Upgradable or unqualifiable systematic reviews, suggested that
Desmopressin, is effective and better than no treatment for short
term accelerated symptomatic controls.
It is equally heartening that the data from numerous fairly recent
experimental animal test system models have demonstrated a lot of
promising potential for several pharmacotherapeutic agents
including desmopressin.I have reviewed several mentioned articles
on the translational preclinical phase of the scientific
pharmacotherapy for enuresis employing experimental rodent
animal test system models, but also the porcine and primate models
as well.
Desmopressin should only be used for a limited period of time
usually for about four weeks.
It may have a role in the short term management of the child such as
when a child is living away from home or wishes to attend a camp.
Adverse effects such as anorexia, cephalgias, unpleasant taste in
the mouth, visual difficulties, epistaxis and nasal discomfort in
addition to very rarely water intoxication were reported in some
cases.
Application of Indomethacin suppositories to children with primary
enuresis was found to be beneficial especially in children with
primary functional enuresis.
There were no toxicity concerns as such when indomethacin was
used within the recommended dose range in some selected group of
children with primary functional enuresis.
Pharmacologic Treatments:
Carbamazepine
Carbamazepine was opined to have a fair role in secondary enuresis
related to neurogenic mechanisms especially those related to
bladder detrusor muscle instability.
A prolonged enuretic interval was achieved in some selected group
of patients with secondary enuresis related to dysfunctional bladder
commenced on carbamazepine.
In the author’s experience, toxicity concerns were not much of an
issue in these subsets who needed carbamazepine for other
paroxysmal events related to cerebral dysarrythmias.

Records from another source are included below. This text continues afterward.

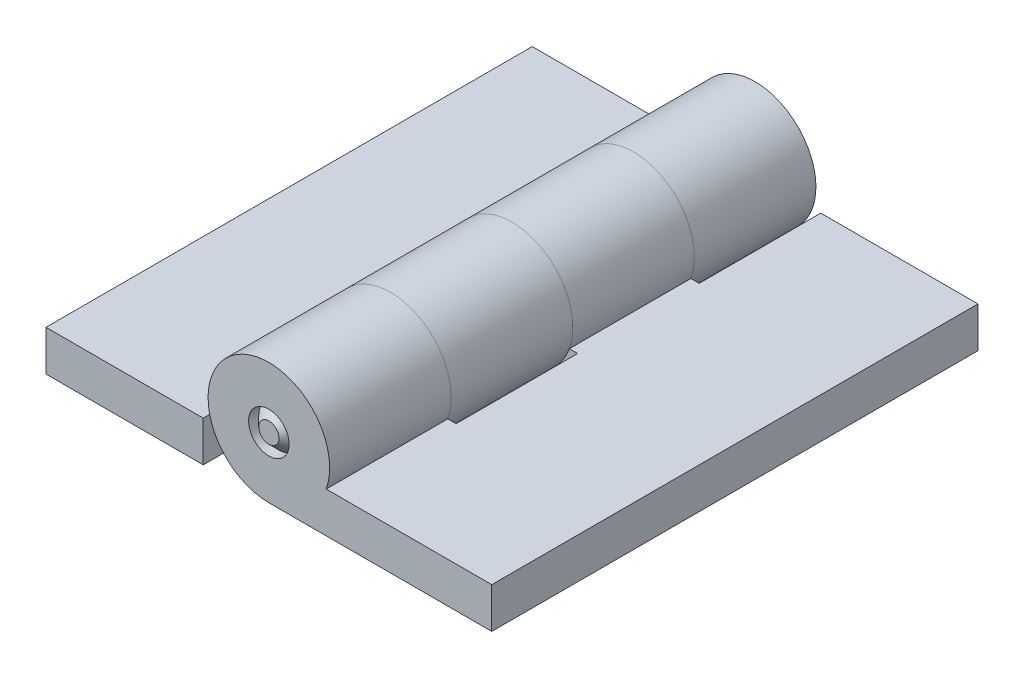
ISO-10303-21;
HEADER;
FILE_DESCRIPTION(('STEP AP214'),'2;1');
FILE_NAME('part.step','',(''),(''),'','','');
FILE_SCHEMA(('AUTOMOTIVE_DESIGN { 1 0 10303 214 1 1 1 1 }'));
ENDSEC;
DATA;
#1=APPLICATION_CONTEXT('core data for automotive mechanical design processes');
#2=APPLICATION_PROTOCOL_DEFINITION('international standard','automotive_design',2000,#1);
#3=PRODUCT_CONTEXT('',#1,'mechanical');
#4=PRODUCT('Part','Part','',(#3));
#5=PRODUCT_RELATED_PRODUCT_CATEGORY('part','',(#4));
#6=PRODUCT_DEFINITION_FORMATION('','',#4);
#7=PRODUCT_DEFINITION_CONTEXT('part definition',#1,'design');
#8=PRODUCT_DEFINITION('design','',#6,#7);
#9=PRODUCT_DEFINITION_SHAPE('','',#8);
#10=(LENGTH_UNIT() NAMED_UNIT(*) SI_UNIT(.MILLI.,.METRE.));
#11=(NAMED_UNIT(*) PLANE_ANGLE_UNIT() SI_UNIT($,.RADIAN.));
#12=(NAMED_UNIT(*) SI_UNIT($,.STERADIAN.) SOLID_ANGLE_UNIT());
#13=UNCERTAINTY_MEASURE_WITH_UNIT(LENGTH_MEASURE(1.E-05),#10,'distance_accuracy_value','');
#14=(GEOMETRIC_REPRESENTATION_CONTEXT(3) GLOBAL_UNCERTAINTY_ASSIGNED_CONTEXT((#13)) GLOBAL_UNIT_ASSIGNED_CONTEXT((#10,
#11,#12)) REPRESENTATION_CONTEXT('',''));
#15=CARTESIAN_POINT('',(0.,0.,0.));
#16=DIRECTION('',(0.,0.,1.));
#17=DIRECTION('',(1.,0.,0.));
#18=AXIS2_PLACEMENT_3D('',#15,#16,#17);
#19=CARTESIAN_POINT('',(0.,0.,-16.66875));
#20=DIRECTION('',(0.,0.,-1.));
#21=DIRECTION('',(1.,0.,0.));
#22=AXIS2_PLACEMENT_3D('',#19,#20,#21);
#23=SPHERICAL_SURFACE('',#22,3.96875);
#24=CARTESIAN_POINT('',(0.,0.,-19.05));
#25=DIRECTION('',(0.,0.,-1.));
#26=DIRECTION('',(-1.,0.,0.));
#27=AXIS2_PLACEMENT_3D('',#24,#25,#26);
#28=CIRCLE('',#27,3.175);
#29=CARTESIAN_POINT('',(-3.175,0.,-19.05));
#30=VERTEX_POINT('',#29);
#31=EDGE_CURVE('E58',#30,#30,#28,.T.);
#32=ORIENTED_EDGE('',*,*,#31,.T.);
#33=EDGE_LOOP('',(#32));
#34=FACE_BOUND('',#33,.T.);
#35=ADVANCED_FACE('F43',(#34),#23,.T.);
#36=CARTESIAN_POINT('',(0.,0.,-20.6375));
#37=DIRECTION('',(0.,0.,-1.));
#38=DIRECTION('',(-1.,0.,0.));
#39=AXIS2_PLACEMENT_3D('',#36,#37,#38);
#40=CYLINDRICAL_SURFACE('',#39,1.5875);
#41=CARTESIAN_POINT('',(0.,0.,18.25625));
#42=DIRECTION('',(0.,0.,-1.));
#43=DIRECTION('',(-1.,0.,0.));
#44=AXIS2_PLACEMENT_3D('',#41,#42,#43);
#45=CIRCLE('',#44,1.5875);
#46=CARTESIAN_POINT('',(-1.5875,0.,18.25625));
#47=VERTEX_POINT('',#46);
#48=EDGE_CURVE('E11',#47,#47,#45,.T.);
#49=ORIENTED_EDGE('',*,*,#48,.T.);
#50=EDGE_LOOP('',(#49));
#51=FACE_BOUND('',#50,.T.);
#52=CARTESIAN_POINT('',(0.,0.,-19.05));
#53=DIRECTION('',(0.,0.,-1.));
#54=DIRECTION('',(-1.,0.,0.));
#55=AXIS2_PLACEMENT_3D('',#52,#53,#54);
#56=CIRCLE('',#55,1.5875);
#57=CARTESIAN_POINT('',(-1.5875,0.,-19.05));
#58=VERTEX_POINT('',#57);
#59=EDGE_CURVE('E54',#58,#58,#56,.T.);
#60=ORIENTED_EDGE('',*,*,#59,.F.);
#61=EDGE_LOOP('',(#60));
#62=FACE_BOUND('',#61,.T.);
#63=ADVANCED_FACE('F68',(#51,#62),#40,.T.);
#64=CARTESIAN_POINT('',(-3.175,0.,-19.05));
#65=DIRECTION('',(0.,0.,1.));
#66=DIRECTION('',(1.,0.,0.));
#67=AXIS2_PLACEMENT_3D('',#64,#65,#66);
#68=PLANE('',#67);
#69=ORIENTED_EDGE('',*,*,#59,.T.);
#70=EDGE_LOOP('',(#69));
#71=FACE_BOUND('',#70,.T.);
#72=ORIENTED_EDGE('',*,*,#31,.F.);
#73=EDGE_LOOP('',(#72));
#74=FACE_BOUND('',#73,.T.);
#75=ADVANCED_FACE('F65',(#71,#74),#68,.T.);
#76=CARTESIAN_POINT('',(-17.4625,-4.76255,19.05));
#77=DIRECTION('',(0.,0.,-1.));
#78=DIRECTION('',(-1.,0.,0.));
#79=AXIS2_PLACEMENT_3D('',#76,#77,#78);
#80=PLANE('',#79);
#81=CARTESIAN_POINT('',(0.,0.,19.05));
#82=DIRECTION('',(0.,0.,-1.));
#83=DIRECTION('',(-1.,0.,0.));
#84=AXIS2_PLACEMENT_3D('',#81,#82,#83);
#85=CIRCLE('',#84,0.793749999999999);
#86=CARTESIAN_POINT('',(-0.793749999999999,0.,19.05));
#87=VERTEX_POINT('',#86);
#88=EDGE_CURVE('E50',#87,#87,#85,.F.);
#89=ORIENTED_EDGE('',*,*,#88,.T.);
#90=EDGE_LOOP('',(#89));
#91=FACE_BOUND('',#90,.T.);
#92=ADVANCED_FACE('F67',(#91),#80,.F.);
#93=CARTESIAN_POINT('',(0.,0.,19.05));
#94=DIRECTION('',(0.,0.,-1.));
#95=DIRECTION('',(-1.,0.,0.));
#96=AXIS2_PLACEMENT_3D('',#93,#94,#95);
#97=CONICAL_SURFACE('',#96,0.793750000000003,0.785398163397449);
#98=ORIENTED_EDGE('',*,*,#48,.F.);
#99=EDGE_LOOP('',(#98));
#100=FACE_BOUND('',#99,.T.);
#101=ORIENTED_EDGE('',*,*,#88,.F.);
#102=EDGE_LOOP('',(#101));
#103=FACE_BOUND('',#102,.T.);
#104=ADVANCED_FACE('F45',(#100,#103),#97,.T.);
#105=CLOSED_SHELL('',(#35,#63,#75,#92,#104));
#106=MANIFOLD_SOLID_BREP('B2',#105);
#107=CARTESIAN_POINT('',(-5.1435,-1.5875,19.05));
#108=DIRECTION('',(-1.,0.,0.));
#109=DIRECTION('',(0.,-1.,0.));
#110=AXIS2_PLACEMENT_3D('',#107,#108,#109);
#111=PLANE('',#110);
#112=DIRECTION('',(0.,-1.,0.));
#113=VECTOR('',#112,1.);
#114=CARTESIAN_POINT('',(-5.1435,-1.5875,0.));
#115=LINE('',#114,#113);
#116=CARTESIAN_POINT('',(-5.1435,-1.5875,0.));
#117=VERTEX_POINT('',#116);
#118=CARTESIAN_POINT('',(-5.1435,-4.7625,0.));
#119=VERTEX_POINT('',#118);
#120=EDGE_CURVE('E141',#117,#119,#115,.T.);
#121=ORIENTED_EDGE('',*,*,#120,.T.);
#122=DIRECTION('',(0.,0.,-1.));
#123=VECTOR('',#122,1.);
#124=CARTESIAN_POINT('',(-5.1435,-4.7625,19.05));
#125=LINE('',#124,#123);
#126=CARTESIAN_POINT('',(-5.1435,-4.7625,-9.525));
#127=VERTEX_POINT('',#126);
#128=EDGE_CURVE('E127',#119,#127,#125,.T.);
#129=ORIENTED_EDGE('',*,*,#128,.T.);
#130=DIRECTION('',(0.,-1.,0.));
#131=VECTOR('',#130,1.);
#132=CARTESIAN_POINT('',(-5.1435,-4.7625,-9.525));
#133=LINE('',#132,#131);
#134=CARTESIAN_POINT('',(-5.1435,-1.5875,-9.52499999999998));
#135=VERTEX_POINT('',#134);
#136=EDGE_CURVE('E251',#135,#127,#133,.T.);
#137=ORIENTED_EDGE('',*,*,#136,.F.);
#138=DIRECTION('',(0.,0.,-1.));
#139=VECTOR('',#138,1.);
#140=CARTESIAN_POINT('',(-5.1435,-1.5875,19.05));
#141=LINE('',#140,#139);
#142=EDGE_CURVE('E148',#117,#135,#141,.T.);
#143=ORIENTED_EDGE('',*,*,#142,.F.);
#144=EDGE_LOOP('',(#121,#129,#137,#143));
#145=FACE_BOUND('',#144,.T.);
#146=ADVANCED_FACE('F123',(#145),#111,.F.);
#147=CARTESIAN_POINT('',(-5.1435,-4.7625,19.05));
#148=VERTEX_POINT('',#147);
#149=CARTESIAN_POINT('',(-5.1435,-4.7625,9.525));
#150=VERTEX_POINT('',#149);
#151=EDGE_CURVE('E133',#148,#150,#125,.T.);
#152=ORIENTED_EDGE('',*,*,#151,.T.);
#153=DIRECTION('',(0.,-1.,0.));
#154=VECTOR('',#153,1.);
#155=CARTESIAN_POINT('',(-5.1435,-1.5875,9.525));
#156=LINE('',#155,#154);
#157=CARTESIAN_POINT('',(-5.1435,-1.5875,9.525));
#158=VERTEX_POINT('',#157);
#159=EDGE_CURVE('E227',#158,#150,#156,.T.);
#160=ORIENTED_EDGE('',*,*,#159,.F.);
#161=CARTESIAN_POINT('',(-5.1435,-1.5875,19.05));
#162=VERTEX_POINT('',#161);
#163=EDGE_CURVE('E263',#162,#158,#141,.T.);
#164=ORIENTED_EDGE('',*,*,#163,.F.);
#165=DIRECTION('',(0.,1.,0.));
#166=VECTOR('',#165,1.);
#167=CARTESIAN_POINT('',(-5.1435,-1.5875,19.05));
#168=LINE('',#167,#166);
#169=EDGE_CURVE('E291',#148,#162,#168,.T.);
#170=ORIENTED_EDGE('',*,*,#169,.F.);
#171=EDGE_LOOP('',(#152,#160,#164,#170));
#172=FACE_BOUND('',#171,.T.);
#173=ADVANCED_FACE('F321',(#172),#111,.F.);
#174=CARTESIAN_POINT('',(-17.4625,-1.5875,19.05));
#175=DIRECTION('',(1.,0.,0.));
#176=DIRECTION('',(0.,0.,-1.));
#177=AXIS2_PLACEMENT_3D('',#174,#175,#176);
#178=PLANE('',#177);
#179=DIRECTION('',(0.,-1.,0.));
#180=VECTOR('',#179,1.);
#181=CARTESIAN_POINT('',(-17.4625,-1.5875,-19.05));
#182=LINE('',#181,#180);
#183=CARTESIAN_POINT('',(-17.4625,-1.5875,-19.05));
#184=VERTEX_POINT('',#183);
#185=CARTESIAN_POINT('',(-17.4625,-4.7625,-19.05));
#186=VERTEX_POINT('',#185);
#187=EDGE_CURVE('E295',#184,#186,#182,.T.);
#188=ORIENTED_EDGE('',*,*,#187,.T.);
#189=DIRECTION('',(0.,0.,-1.));
#190=VECTOR('',#189,1.);
#191=CARTESIAN_POINT('',(-17.4625,-4.7625,19.05));
#192=LINE('',#191,#190);
#193=CARTESIAN_POINT('',(-17.4625,-4.7625,19.05));
#194=VERTEX_POINT('',#193);
#195=EDGE_CURVE('E41',#194,#186,#192,.T.);
#196=ORIENTED_EDGE('',*,*,#195,.F.);
#197=DIRECTION('',(0.,-1.,0.));
#198=VECTOR('',#197,1.);
#199=CARTESIAN_POINT('',(-17.4625,-1.5875,19.05));
#200=LINE('',#199,#198);
#201=CARTESIAN_POINT('',(-17.4625,-1.5875,19.05));
#202=VERTEX_POINT('',#201);
#203=EDGE_CURVE('E285',#202,#194,#200,.T.);
#204=ORIENTED_EDGE('',*,*,#203,.F.);
#205=DIRECTION('',(0.,0.,-1.));
#206=VECTOR('',#205,1.);
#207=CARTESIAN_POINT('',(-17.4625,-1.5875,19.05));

A comparative averaging of these plausible or anecdotal therapeutic
interventions for their therapeutic benefits against their toxicities
profiles suggests that toxicity concerns were most for imipramine
and other tricyclic antidepressants compared to desmopressin,
Indomethacin or other putative therapeutic agents.
Oxybutynin and other anticholinergic could also be used in diurnal
enuresis due to detrusor muscle instability.
There is very little evidence that drugs such as phenobarbitone or
meprobamate were useful except in those instances where their
therapeutic benefit could have been related to their antiepileptic
activities, in such instances, enuresis could have been a component
of the automaticities related to a seizure event.
The roles of Hydroxyzine hydrochloride and methylphenidate
hydrochloride in the management of nocturnal enuresis were
controversially discussed.
If enuresis were related to a defective urinary training adaptive skills
acquisition perturbations in attention deficit hyperactivity spectrums
disorders, then amphetamine like drugs or methylphenidate would
have a beneficial modulating effect.
Rational Pharmacotherapeutic Interventions for Nocturnal Enuresis.
Pharmacologic Treatments:
In the authors experience, the anticholinergic properties of
atropine, propantheline bromide, hyoscine hydroxyl butyrl methyl
bromide or emepronium bromide on the bladder detrusor could
occasionally be exploited beneficially to achieve selective muscle
relaxation, although overall these may not be very satisfactory
options as longer terms interventional strategies.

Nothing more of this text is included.